Test results of both datasets are shared publicly on YouTube inFootnote 1 andFootnote 2. Depth-only network is reported to study the performance depth cue alone can do to semantic segmentation. Surprisingly, depth provides good results especially for road, vegetation, vehicle, and pedestrians. This is also consistent with the results obtained by [12] when depth only is tested for indoor scenes. We noticed that there is degradation of accuracy relative to RGB baseline whenever there is noisy depth. Hence next step would be to make more systematic evaluation of the depth that is loosely coupled within the network. It is observed that the joint network has outperformed depth only network with a negligible margin, perhaps the network does not really know how to learn these two completely different cues and thus these two modalities are not logically fused in the network. Our future plan includes construction of multi-modal architectures to achieve better amalgamation of heterogeneous cues.

5 Conclusion

In this paper, we focused on the impact of a relatively unexplored cue that is depth for semantic segmentation task. We designed four different segmentation networks that receive input as RGB only, depth only, RGBD concatenated and two-stream RGB and depth.
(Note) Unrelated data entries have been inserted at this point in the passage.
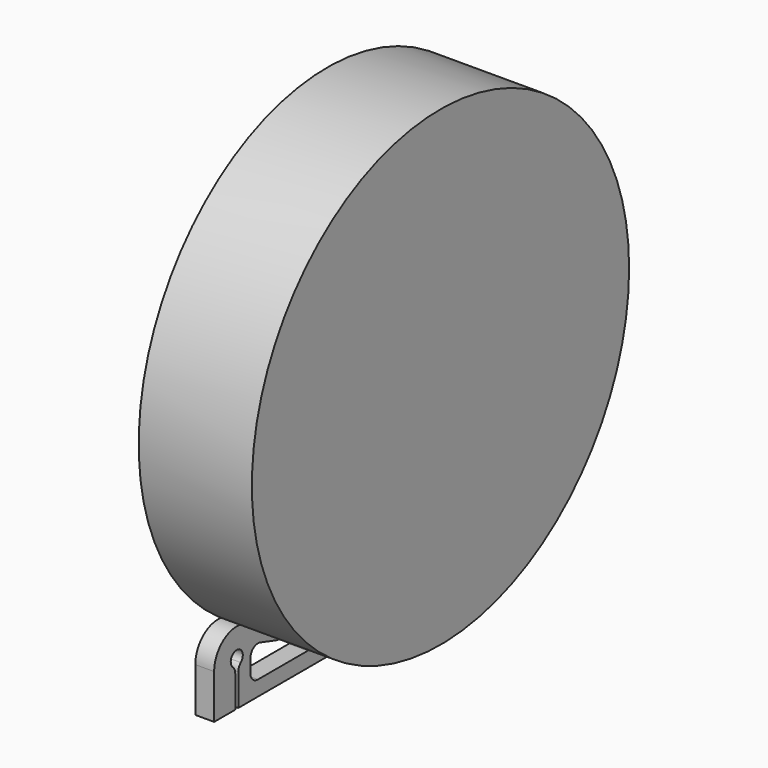
from build123d import *

# Parameters (mm, degrees)
F0_R        = 125
F1_DEPTH    = 60
F3_DEPTH    = 10
F4_T1_DEPTH = 10
F4_T3_DEPTH = 24.1761029315


# Not quite as in the source:
# - a fillet or chamfer that OpenCascade refuses, or shapes differently, is made with other operations: its cross-section is extruded or revolved along the edge and cut away or added
# - a feature names something its author has since deleted; it is built from what else it names


with BuildPart() as f1:
    # F0 (on Right) → F1 (new body)
    with BuildSketch(Plane.YZ):
        Circle(F0_R)
    extrude(amount=F1_DEPTH)


with BuildPart() as f3:
    # F2 (on face) → F3 (new body)
    with BuildSketch(Plane(origin=(0, 0, 0), x_dir=(0, -1, 0), z_dir=(-1, 0, 0))):
        with BuildLine():
            ThreePointArc((0, -125), (-27.4562289572, -121.9473472096), (-53.5714285714, -112.9384878632))
            ThreePointArc((-53.5714285714, -112.9384878632), (-68.0178372574, -113.8137925858), (-75, -126.4911064067))
            Line((-75, -126.4911064067), (-75, -150))
            Line((-75, -150), (-61, -150))
            Line((-61, -150), (-61, -130.3640897529))
            ThreePointArc((-61, -130.3640897529), (-60, -122.4911064067), (-59, -130.3640897529))
            Line((-59, -130.3640897529), (-59, -150))
            Line((-59, -150), (0, -150))
            Line((0, -150), (0, -125))
        make_face()
        with BuildLine():
            Line((-8.00000038, -141.99999962), (-50.99999962, -141.99999962))
            Line((-50.99999962, -141.99999962), (-50.99999962, -130.3640897529))
            Line((-50.99999962, -130.3640897529), (-50.99999962, -122.8332208315))
            ThreePointArc((-50.99999962, -122.8332208315), (-29.914564521, -129.5921252646), (-8.00000038, -132.7591808313))
            Line((-8.00000038, -132.7591808313), (-8.00000038, -141.99999962))
        make_face(mode=Mode.SUBTRACT)
    extrude(amount=F3_DEPTH)

    # F4: fillet of radius 5 on 6 edges, made by hand

    # F4_s2 → F4_t1 (join)
    with BuildSketch(Plane.YZ.offset(-10)):
        with BuildLine():
            ThreePointArc((44.3333329717, -125.3936030613), (48.8867509739, -126.0251653767), (50.99999962, -130.1076482757))
            Line((50.99999962, -130.1076482757), (50.99999962, -122.8332208315))
            ThreePointArc((50.99999962, -122.8332208315), (47.6838543435, -124.1581658048), (44.3333329717, -125.3936030613))
        make_face()
        with BuildLine():
            ThreePointArc((50.99999962, -136.99999962), (49.535533526, -140.535533526), (45.99999962, -141.99999962))
            Line((45.99999962, -141.99999962), (50.99999962, -141.99999962))
            Line((50.99999962, -141.99999962), (50.99999962, -136.99999962))
        make_face()
        with BuildLine():
            ThreePointArc((13.00000038, -141.99999962), (9.464466474, -140.535533526), (8.00000038, -136.99999962))
            Line((8.00000038, -136.99999962), (8.00000038, -141.99999962))
            Line((8.00000038, -141.99999962), (13.00000038, -141.99999962))
        make_face()
        with BuildLine():
            ThreePointArc((12.5289858748, -132.4085518916), (9.3016850523, -134.0214301028), (8.00000038, -137.3863169861))
            Line((8.00000038, -137.3863169861), (8.00000038, -132.7591808313))
            ThreePointArc((8.00000038, -132.7591808313), (10.2659901775, -132.6032033804), (12.5289858748, -132.4085518916))
        make_face()
    extrude(amount=F4_T1_DEPTH)

    # F4_s4 → F4_t3 (cut)
    with BuildSketch(Plane.YZ.offset(-17.0880514658)):
        with BuildLine():
            ThreePointArc((57.3333333333, -129.4725303767), (58.5643546459, -131.1580688869), (59, -133.1993103392))
            Line((59, -133.1993103392), (59, -130.3640897529))
            ThreePointArc((59, -130.3640897529), (58.1132486541, -130.018168833), (57.3333333333, -129.4725303767))
        make_face()
        with BuildLine():
            ThreePointArc((61, -133.1993103392), (61.4356453541, -131.1580688869), (62.6666666667, -129.4725303767))
            ThreePointArc((62.6666666667, -129.4725303767), (61.8867513459, -130.018168833), (61, -130.3640897529))
            Line((61, -130.3640897529), (61, -133.1993103392))
        make_face()
    extrude(amount=F4_T3_DEPTH, mode=Mode.SUBTRACT)

    # F5: F3 across face


with BuildPart() as f3_1:
    add(f3.part)
    add(f3.part.mirror(Plane(origin=(-5, 0, -137.5), x_dir=(1, 0, 0), z_dir=(0, -1, 0))))


solid = Compound([f1.part, f3_1.part])

Our experimental results of four models on two automotive datasets namely Virtual KITTI and Cityscapes demonstrate a reasonable improvement in overall accuracy and good improvement for a few specific classes for the network that uses simple depth augmentation. We believe the present study furnishes adequate evidence on the impact of the depth for accurate semantic segmentation. In future work, we build a better depth aware more robust model to fully utilize its complementary nature.